Fly tied with cinnamon fern fibers

Fly tied with cinnamon fern fibers

I've read a lot about using zenmai dubbing from the Japanese flowering fern (Osmunda japonica), but I'd never tried it. I recalled seeing similar downy fibers on ferns in the past, and this spring I discovered that the closely related cinnamon fern (Osmundastrum cinnamomeum) has zenmai-type fibers on its emerging fronds.

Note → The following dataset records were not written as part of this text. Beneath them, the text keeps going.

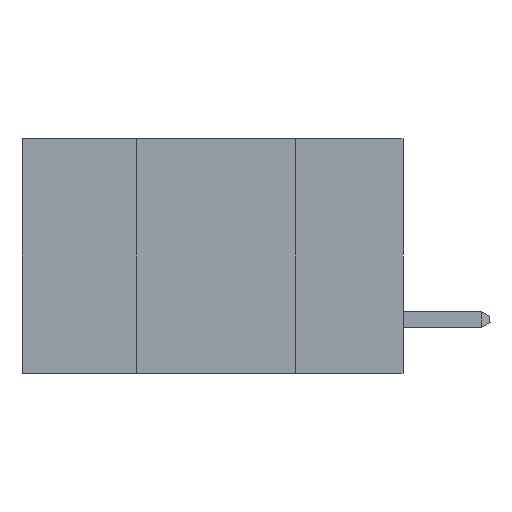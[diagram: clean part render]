
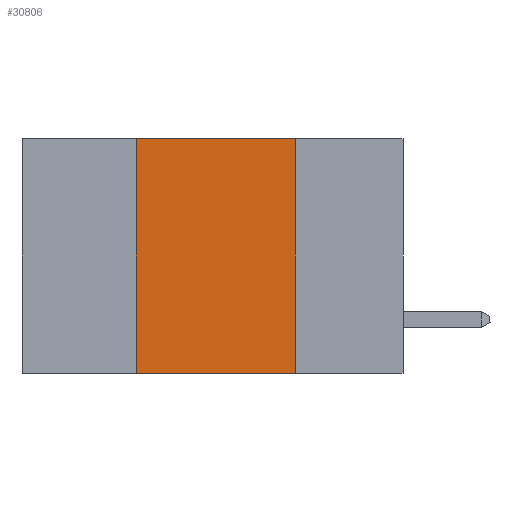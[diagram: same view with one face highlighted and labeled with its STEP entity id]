
A CAD part, left-side view. The second image highlights one B-rep face of the part: STEP entity #30806.
In plain terms, the highlighted planar face has unit normal (-1, 0, 0).
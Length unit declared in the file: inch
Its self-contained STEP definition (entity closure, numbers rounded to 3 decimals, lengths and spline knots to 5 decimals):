
#2059 = CARTESIAN_POINT ( 'NONE',  ( 0., 0.17, 0. ) ) ;
#2394 = DIRECTION ( 'NONE',  ( 0., 0., 1. ) ) ;
#2496 = LINE ( 'NONE', #38668, #28485 ) ;
#3921 = AXIS2_PLACEMENT_3D ( 'NONE', #14289, #10209, #19146 ) ;
#5594 = ORIENTED_EDGE ( 'NONE', *, *, #17024, .F. ) ;
#5757 = VECTOR ( 'NONE', #5763, 39.37008 ) ;
#5763 = DIRECTION ( 'NONE',  ( 0., -1., 0. ) ) ;
#5869 = VERTEX_POINT ( 'NONE', #37836 ) ;
#6723 = VECTOR ( 'NONE', #25881, 39.37008 ) ;
#7383 = LINE ( 'NONE', #37727, #36326 ) ;
#8335 = VERTEX_POINT ( 'NONE', #36460 ) ;
#10209 = DIRECTION ( 'NONE',  ( 1., 0., 0. ) ) ;
#12382 = VERTEX_POINT ( 'NONE', #34428 ) ;
#14289 = CARTESIAN_POINT ( 'NONE',  ( 0., 0.6, 0. ) ) ;
#15676 = LINE ( 'NONE', #26277, #5757 ) ;
#17024 = EDGE_CURVE ( 'NONE', #28903, #12382, #26159, .T. ) ;
#18493 = FACE_OUTER_BOUND ( 'NONE', #21112, .T. ) ;
#19146 = DIRECTION ( 'NONE',  ( 0., 0., -1. ) ) ;
#19601 = DIRECTION ( 'NONE',  ( 0., -1., 0. ) ) ;
#20142 = EDGE_CURVE ( 'NONE', #8335, #12382, #7383, .T. ) ;
#21112 = EDGE_LOOP ( 'NONE', ( #5594, #36590, #35986, #38456 ) ) ;
#25060 = EDGE_CURVE ( 'NONE', #8335, #5869, #2496, .T. ) ;
#25881 = DIRECTION ( 'NONE',  ( 0., 0., -1. ) ) ;
#26159 = LINE ( 'NONE', #2059, #6723 ) ;
#26277 = CARTESIAN_POINT ( 'NONE',  ( 0., 0.6, 0. ) ) ;
#26840 = PLANE ( 'NONE',  #3921 ) ;
#28485 = VECTOR ( 'NONE', #2394, 39.37008 ) ;
#28903 = VERTEX_POINT ( 'NONE', #35864 ) ;
#30806 = ADVANCED_FACE ( 'NONE', ( #18493 ), #26840, .F. ) ;
#34428 = CARTESIAN_POINT ( 'NONE',  ( 0., 0.17, -0.37 ) ) ;
#35864 = CARTESIAN_POINT ( 'NONE',  ( 0., 0.17, 0. ) ) ;
#35986 = ORIENTED_EDGE ( 'NONE', *, *, #25060, .F. ) ;
#36326 = VECTOR ( 'NONE', #19601, 39.37008 ) ;
#36460 = CARTESIAN_POINT ( 'NONE',  ( 0., 0.42, -0.37 ) ) ;
#36590 = ORIENTED_EDGE ( 'NONE', *, *, #37538, .F. ) ;
#37538 = EDGE_CURVE ( 'NONE', #5869, #28903, #15676, .T. ) ;
#37727 = CARTESIAN_POINT ( 'NONE',  ( 0., 0.6, -0.37 ) ) ;
#37836 = CARTESIAN_POINT ( 'NONE',  ( 0., 0.42, 0. ) ) ;
#38456 = ORIENTED_EDGE ( 'NONE', *, *, #20142, .T. ) ;
#38668 = CARTESIAN_POINT ( 'NONE',  ( 0., 0.42, 0. ) ) ;
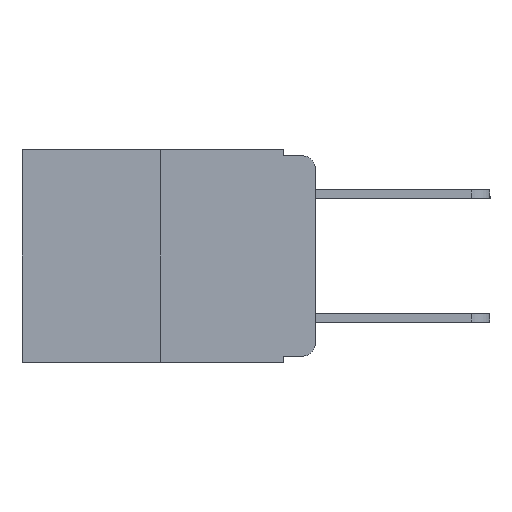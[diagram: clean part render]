
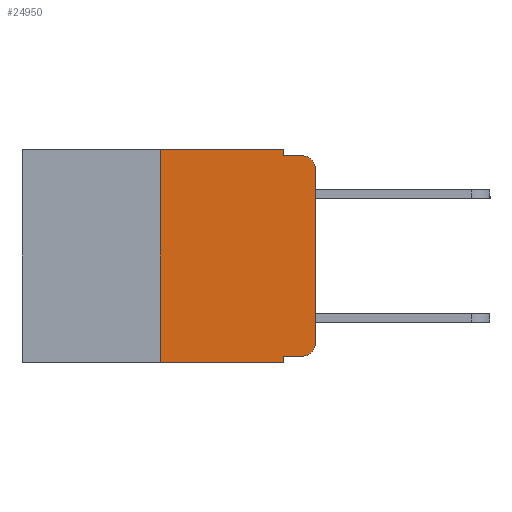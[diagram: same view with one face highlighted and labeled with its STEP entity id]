
A CAD part, left-side view. The second image highlights one B-rep face of the part: STEP entity #24950.
In plain terms, the highlighted planar face has unit normal (-1, 0, 0).
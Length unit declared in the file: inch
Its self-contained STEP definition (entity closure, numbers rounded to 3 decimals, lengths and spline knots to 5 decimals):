
#13 = LINE ( 'NONE', #18569, #4728 ) ;
#32 = VECTOR ( 'NONE', #5849, 39.37008 ) ;
#518 = AXIS2_PLACEMENT_3D ( 'NONE', #11565, #24925, #13481 ) ;
#778 = DIRECTION ( 'NONE',  ( -1., 0., 0. ) ) ;
#987 = ORIENTED_EDGE ( 'NONE', *, *, #4104, .F. ) ;
#1104 = DIRECTION ( 'NONE',  ( 0., 0., 1. ) ) ;
#1123 = EDGE_CURVE ( 'NONE', #22573, #15393, #13, .T. ) ;
#1435 = CARTESIAN_POINT ( 'NONE',  ( 0., 0.473, 0. ) ) ;
#1870 = ORIENTED_EDGE ( 'NONE', *, *, #20662, .T. ) ;
#2758 = ORIENTED_EDGE ( 'NONE', *, *, #7441, .T. ) ;
#4037 = CARTESIAN_POINT ( 'NONE',  ( 0., 0.25, -0.343 ) ) ;
#4104 = EDGE_CURVE ( 'NONE', #7014, #22573, #13029, .T. ) ;
#4141 = CARTESIAN_POINT ( 'NONE',  ( 0., 0.02, -0.333 ) ) ;
#4367 = LINE ( 'NONE', #24228, #19188 ) ;
#4728 = VECTOR ( 'NONE', #22403, 39.37008 ) ;
#4985 = VECTOR ( 'NONE', #13557, 39.37008 ) ;
#5615 = LINE ( 'NONE', #7762, #4985 ) ;
#5849 = DIRECTION ( 'NONE',  ( 0., 0., 1. ) ) ;
#5855 = CARTESIAN_POINT ( 'NONE',  ( 0., 0.051, -0.333 ) ) ;
#5865 = CARTESIAN_POINT ( 'NONE',  ( 0., 0.051, -0.343 ) ) ;
#6494 = EDGE_CURVE ( 'NONE', #19091, #7014, #21877, .T. ) ;
#6855 = CIRCLE ( 'NONE', #518, 0.02 ) ;
#7014 = VERTEX_POINT ( 'NONE', #21871 ) ;
#7165 = AXIS2_PLACEMENT_3D ( 'NONE', #9646, #19288, #7774 ) ;
#7189 = ORIENTED_EDGE ( 'NONE', *, *, #24943, .T. ) ;
#7441 = EDGE_CURVE ( 'NONE', #19091, #22235, #5615, .T. ) ;
#7587 = AXIS2_PLACEMENT_3D ( 'NONE', #12512, #778, #14434 ) ;
#7762 = CARTESIAN_POINT ( 'NONE',  ( 0., 0.473, -0.343 ) ) ;
#7774 = DIRECTION ( 'NONE',  ( 0., 0., -1. ) ) ;
#7792 = EDGE_CURVE ( 'NONE', #15513, #22235, #12551, .T. ) ;
#7823 = DIRECTION ( 'NONE',  ( 0., -1., 0. ) ) ;
#7988 = LINE ( 'NONE', #5855, #17575 ) ;
#8478 = ORIENTED_EDGE ( 'NONE', *, *, #1123, .F. ) ;
#9646 = CARTESIAN_POINT ( 'NONE',  ( 0., 0.473, 0. ) ) ;
#10000 = ORIENTED_EDGE ( 'NONE', *, *, #19890, .F. ) ;
#10554 = LINE ( 'NONE', #24965, #32 ) ;
#10869 = EDGE_CURVE ( 'NONE', #16974, #11025, #10554, .T. ) ;
#11025 = VERTEX_POINT ( 'NONE', #21666 ) ;
#11565 = CARTESIAN_POINT ( 'NONE',  ( 0., 0.02, -0.03 ) ) ;
#12512 = CARTESIAN_POINT ( 'NONE',  ( 0., 0.02, -0.313 ) ) ;
#12551 = LINE ( 'NONE', #16450, #22142 ) ;
#13029 = LINE ( 'NONE', #1435, #22615 ) ;
#13481 = DIRECTION ( 'NONE',  ( 0., 0., -1. ) ) ;
#13557 = DIRECTION ( 'NONE',  ( 0., -1., 0. ) ) ;
#14137 = ORIENTED_EDGE ( 'NONE', *, *, #10869, .T. ) ;
#14243 = EDGE_CURVE ( 'NONE', #15513, #23283, #7988, .T. ) ;
#14434 = DIRECTION ( 'NONE',  ( 0., 0., -1. ) ) ;
#14989 = ORIENTED_EDGE ( 'NONE', *, *, #14243, .T. ) ;
#15161 = DIRECTION ( 'NONE',  ( 0., -1., 0. ) ) ;
#15172 = CARTESIAN_POINT ( 'NONE',  ( 0., 0.051, -0.01 ) ) ;
#15393 = VERTEX_POINT ( 'NONE', #15172 ) ;
#15513 = VERTEX_POINT ( 'NONE', #23214 ) ;
#15869 = CARTESIAN_POINT ( 'NONE',  ( 0., 0.02, -0.01 ) ) ;
#16153 = VECTOR ( 'NONE', #1104, 39.37008 ) ;
#16192 = EDGE_LOOP ( 'NONE', ( #14137, #7189, #10000, #8478, #987, #17118, #2758, #17415, #14989, #1870 ) ) ;
#16450 = CARTESIAN_POINT ( 'NONE',  ( 0., 0.051, 0. ) ) ;
#16974 = VERTEX_POINT ( 'NONE', #24076 ) ;
#17067 = FACE_OUTER_BOUND ( 'NONE', #16192, .T. ) ;
#17118 = ORIENTED_EDGE ( 'NONE', *, *, #6494, .F. ) ;
#17325 = PLANE ( 'NONE',  #7165 ) ;
#17415 = ORIENTED_EDGE ( 'NONE', *, *, #7792, .F. ) ;
#17575 = VECTOR ( 'NONE', #7823, 39.37008 ) ;
#18492 = DIRECTION ( 'NONE',  ( 0., 0., -1. ) ) ;
#18554 = CARTESIAN_POINT ( 'NONE',  ( 0., 0.25, 0. ) ) ;
#18569 = CARTESIAN_POINT ( 'NONE',  ( 0., 0.051, 0. ) ) ;
#19091 = VERTEX_POINT ( 'NONE', #4037 ) ;
#19187 = VERTEX_POINT ( 'NONE', #15869 ) ;
#19188 = VECTOR ( 'NONE', #22153, 39.37008 ) ;
#19288 = DIRECTION ( 'NONE',  ( 1., 0., 0. ) ) ;
#19890 = EDGE_CURVE ( 'NONE', #15393, #19187, #4367, .T. ) ;
#20662 = EDGE_CURVE ( 'NONE', #23283, #16974, #22131, .T. ) ;
#21666 = CARTESIAN_POINT ( 'NONE',  ( 0., 0., -0.03 ) ) ;
#21871 = CARTESIAN_POINT ( 'NONE',  ( 0., 0.25, 0. ) ) ;
#21877 = LINE ( 'NONE', #18554, #16153 ) ;
#22131 = CIRCLE ( 'NONE', #7587, 0.02 ) ;
#22142 = VECTOR ( 'NONE', #18492, 39.37008 ) ;
#22153 = DIRECTION ( 'NONE',  ( 0., -1., 0. ) ) ;
#22235 = VERTEX_POINT ( 'NONE', #5865 ) ;
#22403 = DIRECTION ( 'NONE',  ( 0., 0., -1. ) ) ;
#22573 = VERTEX_POINT ( 'NONE', #24225 ) ;
#22615 = VECTOR ( 'NONE', #15161, 39.37008 ) ;
#23214 = CARTESIAN_POINT ( 'NONE',  ( 0., 0.051, -0.333 ) ) ;
#23283 = VERTEX_POINT ( 'NONE', #4141 ) ;
#24076 = CARTESIAN_POINT ( 'NONE',  ( 0., 0., -0.313 ) ) ;
#24225 = CARTESIAN_POINT ( 'NONE',  ( 0., 0.051, 0. ) ) ;
#24228 = CARTESIAN_POINT ( 'NONE',  ( 0., 0.051, -0.01 ) ) ;
#24925 = DIRECTION ( 'NONE',  ( -1., 0., 0. ) ) ;
#24943 = EDGE_CURVE ( 'NONE', #11025, #19187, #6855, .T. ) ;
#24950 = ADVANCED_FACE ( 'NONE', ( #17067 ), #17325, .F. ) ;
#24965 = CARTESIAN_POINT ( 'NONE',  ( 0., 0., 0. ) ) ;

I managed to collect some early this spring and have tied a few flies with it. I don't know how it compares with true zenmai dubbing, but it makes a nice dubbed body, even if it is a little fussy to work with. If you're looking to collect your own "zenmai", you're in luck! Cinnamon ferns are widespread and common throughout North America. You may even have some in your landscaping! They're most abundant in shady, wet areas, often growing right next to streams. You'll need to look in early to mid spring for the emerging fiddleheads. You can sometimes find some fibers clinging to the mature fronds, but you'll get the most out of the fiddleheads. Just be careful not to break off the fiddleheads, as they are very fragile.

It's not the easiest material to work with, but it's satisfying to use material you collected yourself. I look forward to using my "zenmai" flies to catch trout from the very stream where I found the ferns.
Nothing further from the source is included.